As we all know that data is the new oil in the world, but it is more than that. The data projection and insights generated can make or break a company’s prospects. Every organization will face challenges in some form in any or all the below actions.
- Acquiring / data procurement
- Storing and archiving the data / Warehousing
- Transforming into insights / ETL
These three are very important and basic responsibility of any Database/BI team in a company. The data they get will be from disparate sources, it should be made sure to be integrated and meaningful transformation has been made. The visual insights obtained after transformation will help the management decide the strategies and set achievable goals.
How useful in real-time scenario?
For example, HSK Ltd is one of the largest grocery retail stores. The company obviously will try to collect terabytes of data produced by the purchases in the stores and wants to analyze them to gain insights into customer preferences, demographics, and behavior. This will help them server the products based on target audience which can drive business and makes customers happy. For this the company needs to cross reference data like customer details which is stored in on-premises data store and must be combined with our collected log data in cloud data store. For the main part, to gain insights it must process the joined data and publish the transformed data using few other azure services like Azure synapse and HDInsight and then build report on top of it. This can be scheduled to run on daily basis as well.
All of these can be taken care easily by azure data factory. The best thing is all of these can be achieved without any requirement of coding as part of code-free ETL as a service and is serverless!

ADF Functions:
Collect – The primary step in building a system is by acquiring data from different sources to process them.
Transform – After data is available in the cloud datastore transformation is initiated. One can prefer to code or use azure tools to build and maintain data flows.

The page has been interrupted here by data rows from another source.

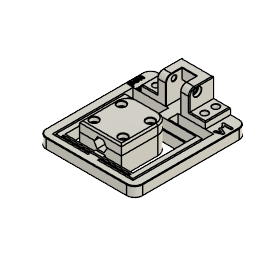
pen_mount (Autodesk Fusion 360 design; units mm, degrees)
Autodesk Fusion 360 part; units mm, degrees
sketch "Mount" plane through (0, 0, 0) normal (0, 0, 1) x (1, 0, 0) in component "Pen Mount"
  line L0 (30, -35) -> (-30, -35)
  line L1 (-30, -35) -> (-30, 35)
  line L2 (-30, 35) -> (30, 35)
  line L3 (30, 35) -> (30, -35)
  line L4 (30, -35) -> (-30, 35) construction
  line L5 (-30, -35) -> (30, 35) construction
  line L6 (25, 19) -> (25, -31)
  line L7 (-25, -31) -> (-25, 19)
  line L8 (0, 19) -> (0, -31) construction
  line L9 (0, 35) -> (0, -35) construction
  line L10 (24, 13) -> (24, -30)
  line L11 (-24, -30) -> (-24, 13)
  line L12 (-21, 12.2) -> (21, 12.2)
  line L13 (21, -29.2) -> (-21, -29.2)
  line L14 (-3, 13) -> (-3, 19)
  line L15 (3, 13) -> (3, 19)
  line L16 (-3, -30) -> (-3, -31)
  line L17 (3, -30) -> (3, -31)
  line L18 (24, -30) -> (3, -30)
  line L19 (-3, -30) -> (-24, -30)
  line L20 (-24, 13) -> (-3, 13)
  line L21 (3, 13) -> (24, 13)
  line L22 (-21, -27.2) -> (-3, -27.2)
  line L23 (-3, -27.2) -> (-3, -26.2)
  line L24 (-3, -26.2) -> (-13, -26.2)
  line L25 (-13, -26.2) -> (-13, -3.6)
  line L26 (-6, 3.4) -> (-3, 3.4)
  line L27 (-3, 3.4) -> (-3, 5.4)
  line L28 (-3, 5.4) -> (-21, 5.4)
  line L29 (-21, -28.2) -> (0, -28.2)
  line L30 (-21, 6.2) -> (0, 6.2)
  line L31 (-21, 6.2) -> (-21, 12.2)
  line L32 (-21, -29.2) -> (-21, -28.2)
  line L33 (-21, -27.2) -> (-21, 5.4)
  line L34 (21, 6.2) -> (21, 12.2)
  line L35 (21, 6.2) -> (0, 6.2)
  line L36 (3, 5.4) -> (21, 5.4)
  line L37 (3, 3.4) -> (3, 5.4)
  line L38 (6, 3.4) -> (3, 3.4)
  line L39 (13, -26.2) -> (13, -3.6)
  line L40 (21, -27.2) -> (21, 5.4)
  line L41 (3, -26.2) -> (13, -26.2)
  line L42 (3, -27.2) -> (3, -26.2)
  line L43 (21, -27.2) -> (3, -27.2)
  line L44 (21, -28.2) -> (0, -28.2)
  line L45 (21, -29.2) -> (21, -28.2)
  line L46 (-25, 19) -> (-3, 19)
  line L47 (3, 19) -> (25, 19)
  line L48 (25, -31) -> (3, -31)
  line L49 (-3, -31) -> (-25, -31)
  arc A0 (-6, 3.4) -> (-13, -3.6) centre (-6, -3.6) ccw
  arc A1 (13, -3.6) -> (6, 3.4) centre (6, -3.6) ccw
  circle A2 centre (-9, -4.2) radius 1.15
  circle A3 centre (-9, -21.2) radius 1.15
  line L50 (-9, -4.2) -> (-9, -21.2) construction
  circle A4 centre (9, -4.2) radius 1.15
  line L51 (9, -4.2) -> (9, -21.2) construction
  circle A5 centre (9, -21.2) radius 1.15
  circle A6 centre (-15, 30.5) radius 1.75
  line L52 (-15, 30.5) -> (-15, 23.5) construction
  circle A7 centre (-15, 23.5) radius 1.75
  circle A8 centre (15, 30.5) radius 1.75
  line L53 (15, 30.5) -> (15, 23.5) construction
  circle A9 centre (15, 23.5) radius 1.75
  line L54 (-4.2665, 3.4) -> (-4.2665, -26.2)
  line L55 (4.2665, 3.4) -> (4.2665, -26.2)
  line L56 (-3, 3.4) -> (3, 3.4)
  line L57 (-3, -26.2) -> (3, -26.2)
  dimension "d1" = 60
  dimension "d2" = 70
  dimension "d3" = 5
  dimension "d4" = 4
  dimension "d5" = 50
  dimension "d6" = 6
  dimension "d7" = 6
  dimension "d8" = 0.8
  dimension "d9" = 0.8
  dimension "d11" = 3
  dimension "d12" = 6
  dimension "d13" = 1
  dimension "d14" = 1
  dimension "d16" = 1
  dimension "d17" = 1
  dimension "d18" = 1
  dimension "d19" = 2
  dimension "d20" = 0.8
  dimension "d22" = 6
  dimension "d23" = 26
  dimension "d24" = 7
  dimension "d25" = 2.3
  dimension "d27" = 17
  dimension "d28" = 5
  dimension "d29" = 18
  dimension "d30" = 4
  dimension "d32" = 3.5
  dimension "d34" = 4.5
  dimension "d35" = 4.5
  dimension "d40" = 4.2665
  dimension "d73" = 30
  dimension "d74" = 7
  constraint horizontal L0
  constraint perpendicular L0 L1
  constraint parallel L0 L2
  constraint parallel L1 L3
  constraint coincident L4 origin
  constraint coincident L5 origin
  constraint horizontal L46
  constraint vertical L6
  constraint horizontal L48
  constraint vertical L7
  constraint midpoint L2 L9.start
  constraint midpoint L0 L9.end
  constraint collinear L8 L9
  constraint horizontal L20
  constraint vertical L10
  constraint horizontal L18
  constraint vertical L11
  constraint horizontal L12
  constraint horizontal L13
  constraint vertical L32
  constraint perpendicular L14 L46
  constraint symmetric L9 L14.start L15.start
  constraint symmetric L9 L14.end L15.end
  constraint coincident L16.start L18
  constraint coincident L16.end L48
  constraint perpendicular L16 L48
  constraint symmetric L9 L16.start L17.start
  constraint symmetric L9 L16.end L17.end
  constraint collinear L18 L19
  constraint collinear L20 L21
  constraint coincident L22.start L32
  constraint perpendicular L22 L32
  constraint perpendicular L22 L23
  constraint perpendicular L23 L24
  constraint perpendicular L24 L25
  constraint perpendicular L23 L26
  constraint perpendicular L26 L27
  constraint perpendicular L28 L32
  constraint horizontal L29
  constraint coincident L8 L29.end
  constraint coincident L9 L29.end
  constraint horizontal L30
  constraint coincident L30.start L32
  constraint coincident L8 L30.end
  constraint collinear L16 L23
  constraint collinear L14 L27
  constraint collinear L31 L32
  constraint collinear L32 L33
  constraint symmetric L8 L12.start L12.end
  constraint symmetric L8 L13.end L13.start
  constraint symmetric L8 L22.start L40.start
  constraint symmetric L8 L22.end L42.start
  constraint symmetric L8 L23.end L41.start
  constraint symmetric L8 L24.end L39.start
  constraint symmetric L8 L26.end L37.start
  constraint symmetric L8 L27.end L36.start
  constraint symmetric L8 L28.end L36.end
  constraint symmetric L8 L29.start L44.start
  constraint symmetric L8 L29.end L44.end
  constraint symmetric L8 L30.start L34.start
  constraint symmetric L8 L30.end L35.end
  constraint collinear L46 L47
  constraint coincident L8.start L46
  constraint collinear L48 L49
  constraint tangent L26 A0
  constraint tangent L25 A0
  constraint tangent L38 A1
  constraint tangent L39 A1
  constraint equal A0 A1
  constraint perpendicular L37 L38
  constraint equal A2 A3
  constraint coincident A2.centre L50.start
  constraint coincident A3.centre L50.end
  constraint vertical L50
  constraint symmetric L9 A2 A4
  constraint symmetric L9 A3 A5
  constraint symmetric L9 A2.centre A4.centre
  constraint symmetric L9 A3.centre L51.end
  constraint coincident L12.end L34.end
  constraint coincident L13.start L45.start
  constraint coincident A6.centre L52.start
  constraint vertical L52
  constraint coincident L52.end A7.centre
  constraint equal A6 A7
  constraint symmetric L9 A6 A8
  constraint symmetric L9 A6.centre A8.centre
  constraint symmetric L9 L52.end L53.end
  constraint symmetric L9 A7 A9
  constraint coincident L26 L54.start
  constraint coincident L24 L54.end
  constraint perpendicular L24 L54
  constraint symmetric L9 L54.start L55.start
  constraint symmetric L9 L54.end L55.end
  measures "d1" distance of L1.end L2.end
  measures "d2" distance of L0.end L1.end
  measures "d3" distance of L1 L7
  measures "d4" distance of L0 L48
  measures "d5" distance of L6.start L6.end
  measures "d6" distance of L14 L15
  measures "d7" distance of L16 L17
  measures "d8" distance of L12 L20
  measures "d9" distance of L13 L18
  measures "d11" distance of L11 L32
  measures "d12" distance of L14.start L14.end
  measures "d13" distance of L16.start L16.end
  measures "d14" distance of L7 L11
  measures "d16" distance of L13 L29
  measures "d17" distance of L22 L29
  measures "d18" distance of L22.end L23.end
  measures "d19" distance of L26.end L27.end
  measures "d20" distance of L28 L30
  measures "d22" distance of L12 L30
  measures "d23" distance of L25 L39
  measures "d24" radius of A0
  measures "d25" diameter of A2
  measures "d27" distance of A2.centre A3.centre
  measures "d28" distance of L24 A3.centre
  measures "d29" distance of L50 L51
  measures "d30" distance of L25 L50
  measures "d32" diameter of A6
  measures "d34" distance of L2 A6.centre
  measures "d35" distance of L46 L52.end
  measures "d40" distance of L9 L54
  measures "d73" distance of L52 L53
  measures "d74" distance of A6.centre L52.end
extrude "Extrude1" add sketch "Mount" along normal blind 6.5 contours L0 L1 L2 L3 | L24 L26 L38 L41 L54 L55 L56 L57 | L24 L25 L26 A0 L54 | L38 L39 L41 A1 L55 makes body 1 in component "Pen Mount"
extrude "Extrude3" add sketch "Mount" along normal blind 1 from surface at 6.5 contours L24 L26 L38 L41 L54 L55 L56 L57 | L24 L25 L26 A0 L54 | L38 L39 L41 A1 L55 bodies 1 in component "Pen Mount"
extrude "Extrude2" add sketch "Mount" along normal blind 3.695 from surface at 7.5 contours L24 L25 L26 A0 L54 | L38 L39 L41 A1 L55 bodies 1 in component "Pen Mount"
sketch "Sketch1" plane through (0, 0, 11.195) normal (0, 0, 1) x (-1, 0, 0) in component "Clamp"
  line L0 (4.2665, -3.4) -> (6, -3.4)
  arc A0 (6, -3.4) -> (13, 3.6) centre (6, 3.6) ccw
  line L1 (13, 3.6) -> (13, 26.2)
  line L2 (13, 26.2) -> (4.2665, 26.2)
  line L3 (4.2665, 26.2) -> (4.2665, -3.4)
  circle A1 centre (9, 4.2) radius 1.15
  circle A2 centre (9, 21.2) radius 1.15
  line L4 (4.2665, -3.4) -> (4.2665, 26.2)
  line L5 (4.2665, 26.2) -> (-4.2665, 26.2)
  line L6 (-4.2665, 26.2) -> (-4.2665, -3.4)
  line L7 (-4.2665, -3.4) -> (4.2665, -3.4)
  line L8 (-6, -3.4) -> (-4.2665, -3.4)
  line L9 (-4.2665, -3.4) -> (-4.2665, 26.2)
  line L10 (-4.2665, 26.2) -> (-13, 26.2)
  line L11 (-13, 26.2) -> (-13, 3.6)
  arc A3 (-13, 3.6) -> (-6, -3.4) centre (-6, 3.6) ccw
  circle A4 centre (-9, 4.2) radius 1.15
  circle A5 centre (-9, 21.2) radius 1.15
  line L12 (-3.6165, -3.4) -> (-3.6165, 26.2)
  line L13 (0, -3.4) -> (0, 26.2) construction
  line L14 (3.6165, -3.4) -> (3.6165, 26.2)
  circle A6 centre (9, 4.2) radius 1.48
  circle A7 centre (-9, 4.2) radius 1.48
  circle A8 centre (-9, 21.2) radius 1.48
  circle A9 centre (9, 21.2) radius 1.48
  dimension "d64" = 0.65
  dimension "d75" = 0.33
  constraint coincident L7 L12.start
  constraint coincident L5 L12.end
  constraint perpendicular L5 L12
  constraint midpoint L7 L13.start
  constraint midpoint L5 L13.end
  constraint symmetric L12.start L13 L14.start
  constraint symmetric L12.end L13 L14.end
  constraint concentric A4 A7
  constraint concentric A5 A8
  constraint concentric A2 A9
  constraint equal A6 A9
  constraint equal A6 A7
  constraint equal A6 A8
  measures "d64" distance of L6 L12
extrude "Extrude1'" add sketch "Sketch1" along normal blind 3 from surface at 2.995 separate body contours L5 L7 L12 L14 makes body 2 in component "Clamp"
extrude "Extrude2'" add sketch "Sketch1" along normal blind 5.995 contours L0 A0 L1 L2 L3 L4 | L3 L4 L5 L7 L14 | L5 L6 L7 L9 L12 | L6 L8 L9 L10 L11 A3 bodies 2 in component "Clamp"
draft "Draft1" angle 30 neutral plane through (0, 0, 11.195) pull (0, 0, -1) 1 faces at (3.6165, -6.4667, 12.1933) on bodies 2 in component "Clamp"
draft "Draft2" angle 30 neutral plane through (0, 0, 11.195) pull (0, 0, -1) 1 faces at (-3.6165, -6.4667, 12.1933) on bodies 2 in component "Clamp"
sketch "Sketch2" plane through (0, 0, 17.19) normal (0, 0, 1) x (-1, 0, 0) in component "Clamp"
  line L0 (13, 26.2) -> (-13, 26.2)
  line L1 (-6, -3.4) -> (6, -3.4)
  circle A0 centre (9, 21.2) radius 2.45
  circle A1 centre (9, 4.2) radius 2.45
  circle A2 centre (-9, 4.2) radius 2.45
  circle A3 centre (-9, 21.2) radius 2.45
  arc A4 (6, -3.4) -> (13, 3.6) centre (6, 3.6) ccw
  line L2 (13, 3.6) -> (13, 26.2)
  line L3 (-13, 26.2) -> (-13, 3.6)
  arc A5 (-13, 3.6) -> (-6, -3.4) centre (-6, 3.6) ccw
  circle A6 centre (9, 21.2) radius 1.48
  circle A7 centre (9, 4.2) radius 1.48
  circle A8 centre (-9, 21.2) radius 1.48
  circle A9 centre (-9, 4.2) radius 1.48
  dimension "d53" = 4.9
  constraint equal A0 A1
  constraint equal A0 A2
  constraint equal A0 A3
  constraint concentric A1 A7
  constraint concentric A2 A9
  constraint concentric A3 A8
  constraint concentric A0 A6
  measures "d53" diameter of A0
extrude "Extrude3'" cut sketch "Sketch2" against normal blind 2.65 contours A0 | A1 | A2 | A3 | A6 | A7 | A8 | A9 bodies 2 in component "Clamp"
chamfer "Chamfer1" distance 1 angle 45 6 edges at (0, 3.4, 17.19) (10.9497, 1.3497, 17.19) (13, -14.9, 17.19) (-13, -14.9, 17.19) (-10.9497, 1.3497, 17.19) (0, -26.2, 17.19) on bodies 2 in component "Clamp"
draft "Draft1'" angle 30 neutral plane through (0, 0, 11.195) pull (0, 0, 1) 1 faces at (-4.2665, -16.3333, 9.9633) on bodies 1 in component "Pen Mount"
draft "Draft2'" angle 30 neutral plane through (0, 0, 11.195) pull (0, 0, 1) 1 faces at (4.2665, -16.3333, 9.9633) on bodies 1 in component "Pen Mount"
fillet "Fillet1" radius 5 4 edges at (-30, -35, 3.25) (30, -35, 3.25) (30, 35, 3.25) (-30, 35, 3.25) on bodies 1 in component "Pen Mount"
chamfer "Chamfer1'" distance 0.3 angle 45 16 edges at (30, 0, 0) (28.5355, -33.5355, 0) (0, -35, 0) (-28.5355, -33.5355, 0) (-30, 0, 0) (-28.5355, 33.5355, 0) (0, 35, 0) (28.5355, 33.5355, 0) (30, 0, 6.5) (28.5355, 33.5355, 6.5) (0, 35, 6.5) (-28.5355, 33.5355, 6.5) (-30, 0, 6.5) (-28.5355, -33.5355, 6.5) (0, -35, 6.5) (28.5355, -33.5355, 6.5) on bodies 1 in component "Pen Mount"
sketch "Pen cross section" plane through (0, -26.2, 0) normal (0, -1, 0) x (1, 0, 0) in component "Pen Mount"
  line L0 (3, 0) -> (13, 0)
  line L1 (13, 0) -> (13, 11.195)
  line L2 (13, 11.195) -> (4.2665, 11.195)
  line L3 (4.2665, 11.195) -> (2.1332, 7.5)
  line L4 (2.1332, 7.5) -> (-2.1332, 7.5)
  line L5 (-2.1332, 7.5) -> (-4.2665, 11.195)
  line L6 (-4.2665, 11.195) -> (-13, 11.195)
  line L7 (-13, 11.195) -> (-13, 0)
  line L8 (-13, 0) -> (-3, 0)
  line L9 (-3, 0) -> (-3, 6.5)
  line L10 (-3, 6.5) -> (3, 6.5)
  line L11 (3, 6.5) -> (3, 0)
  line L12 (-2.1333, 7.5) -> (2.1333, 7.5)
  line L13 (2.1333, 7.5) -> (4.2666, 11.195)
  line L14 (4.2666, 11.195) -> (2.1333, 14.89)
  line L15 (2.1333, 14.89) -> (-2.1333, 14.89)
  line L16 (-2.1333, 14.89) -> (-4.2666, 11.195)
  line L17 (-4.2666, 11.195) -> (-2.1333, 7.5)
  line L18 (0, 14.89) -> (0, 7.5) construction
  point P0 (0, 11.195)
  dimension "d69" = 8.5332
  dimension "d70" = 7.39
  constraint collinear L4 L12
  constraint midpoint L15 L18.start
  constraint midpoint L12 L18.end
  constraint midpoint L4 L18.end
  measures "d69" distance of L13.end L16.end
  measures "d70" distance of L12 L15
fillet "Fillet1'" radius 0.5 2 edges at (-3.6165, -11.4, 11.195) (3.6165, -11.4, 11.195) on bodies 2 in component "Clamp"
sketch "Mounting screw heads" plane through (0, 0, 6.5) normal (0, 0, 1) x (-1, 0, 0) in component "Pen Mount"
  circle A0 centre (-15, -23.5) radius 1.75
  circle A1 centre (-15, -30.5) radius 1.75
  circle A2 centre (15, -23.5) radius 1.75
  circle A3 centre (15, -30.5) radius 1.75
  line L0 (-21, 29.2) -> (21, 29.2)
  line L1 (21, 29.2) -> (21, 28.2)
  line L2 (21, 28.2) -> (-21, 28.2)
  line L3 (-21, 28.2) -> (-21, 29.2)
  line L4 (-21, -6.2) -> (21, -6.2)
  line L5 (21, -6.2) -> (21, -12.2)
  line L6 (21, -12.2) -> (-21, -12.2)
  line L7 (-21, -12.2) -> (-21, -6.2)
  line L8 (24, 30) -> (3, 30)
  line L9 (3, 30) -> (3, 31)
  line L10 (3, 31) -> (25, 31)
  line L11 (25, 31) -> (25, -19)
  line L12 (25, -19) -> (3, -19)
  line L13 (3, -19) -> (3, -13)
  line L14 (3, -13) -> (24, -13)
  line L15 (24, -13) -> (24, 30)
  line L16 (-3, 26.2) -> (3, 26.2)
  line L17 (3, 26.2) -> (3, 27.2)
  line L18 (3, 27.2) -> (21, 27.2)
  line L19 (21, 27.2) -> (21, -5.4)
  line L20 (21, -5.4) -> (3, -5.4)
  line L21 (3, -5.4) -> (3, -3.4)
  line L22 (3, -3.4) -> (-3, -3.4)
  line L23 (-3, -3.4) -> (-3, -5.4)
  line L24 (-3, -5.4) -> (-21, -5.4)
  line L25 (-21, -5.4) -> (-21, 27.2)
  line L26 (-21, 27.2) -> (-3, 27.2)
  line L27 (-3, 27.2) -> (-3, 26.2)
  line L28 (-24, -13) -> (-3, -13)
  line L29 (-3, -13) -> (-3, -19)
  line L30 (-3, -19) -> (-25, -19)
  line L31 (-25, -19) -> (-25, 31)
  line L32 (-25, 31) -> (-3, 31)
  line L33 (-3, 31) -> (-3, 30)
  line L34 (-3, 30) -> (-24, 30)
  line L35 (-24, 30) -> (-24, -13)
  line L36 (29.7, -30) -> (29.7, 30)
  arc A4 (29.7, 30) -> (25, 34.7) centre (25, 30) ccw
  line L37 (25, 34.7) -> (-25, 34.7)
  arc A5 (-25, 34.7) -> (-29.7, 30) centre (-25, 30) ccw
  line L38 (-29.7, 30) -> (-29.7, -30)
  arc A6 (-29.7, -30) -> (-25, -34.7) centre (-25, -30) ccw
  line L39 (-25, -34.7) -> (25, -34.7)
  arc A7 (25, -34.7) -> (29.7, -30) centre (25, -30) ccw
  circle A8 centre (15, -30.5) radius 3
  circle A9 centre (15, -23.5) radius 3
  circle A10 centre (-15, -30.5) radius 3
  circle A11 centre (-15, -23.5) radius 3
  line L40 (-27.7, -20) -> (-27.7, -33.2) construction
  line L41 (-27.7, -33.2) -> (-22.2993, -33.2) construction
  line L42 (-22.2993, -33.2) -> (-22.2993, -20) construction
  line L43 (-22.2993, -20) -> (-27.7, -20) construction
  line L44 (24.0828, -19.2154) -> (24.0761, -31.7956) construction
  line L45 (24.0761, -31.7956) -> (29.0761, -31.7983) construction
  line L46 (29.0761, -31.7983) -> (29.0828, -19.2181) construction
  line L47 (29.0828, -19.2181) -> (24.0828, -19.2154) construction
  dimension "d76" = 6
  dimension "d87" = 6
  dimension "d88" = 1
  dimension "d89" = 1.5
  dimension "d90" = 2
  dimension "d93" = 3.7
  text T0 "v1\n" font "Arial" height 6 bold align left top in box 13.2 x 5.4007 at (-27.7, -20) x (0, -1) y (1, 0) spacing 1 kerned
  text T1 "pen\nmount" font "Arial" height 3.7 bold align left top in box 12.5802 x 5 at (24.0828, -19.2154) x (-0.000531, -1) y (1, -0.000531) spacing 1 kerned
  constraint concentric A3 A8
  constraint concentric A2 A9
  constraint concentric A1 A10
  constraint concentric A0 A11
  constraint equal A8 A9
  constraint equal A8 A10
  constraint equal A8 A11
  measures "d76" diameter of A8
  measures "d88" distance of L30 L43
  measures "d89" distance of L39 L41
  measures "d90" distance of L38 L40
fillet "Fillet2" radius 0.25 4 faces at (-13.2587, 23.3258, 4.3333) (-13.2587, 30.3258, 4.3333) (16.7413, 30.3258, 4.3333) (16.7413, 23.3258, 4.3333) on bodies 1 in component "Pen Mount"
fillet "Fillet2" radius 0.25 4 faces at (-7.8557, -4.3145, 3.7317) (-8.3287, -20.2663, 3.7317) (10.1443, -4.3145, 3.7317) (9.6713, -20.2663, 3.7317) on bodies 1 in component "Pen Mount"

Monitor – To monitor the scheduled activities and pipelines. Many built-in supports via azure monitor, PowerShell, Azure monitor logs etc are available.

Top Level Concepts:
- Pipelines – Pipeline is single unit of larger part of work, together which performs a task
- Activities – In simple words activity is a process step which we configure for completing a task, these are the real actions which we expect. Activities can take an input and produce our desired outcome as a dataset
- Datasets – This points out the data we want to use for the activity as input/output
- Linked services – Linked services are similar to connection strings. They hold the connection information for the Azure data factory to connect the external sources
- Triggers – Triggers act like a scheduler and makes sure the execution process step is started
Conclusion
This is an introduction to Azure Data Factory. In the upcoming articles we will look more into practical and real-time activities.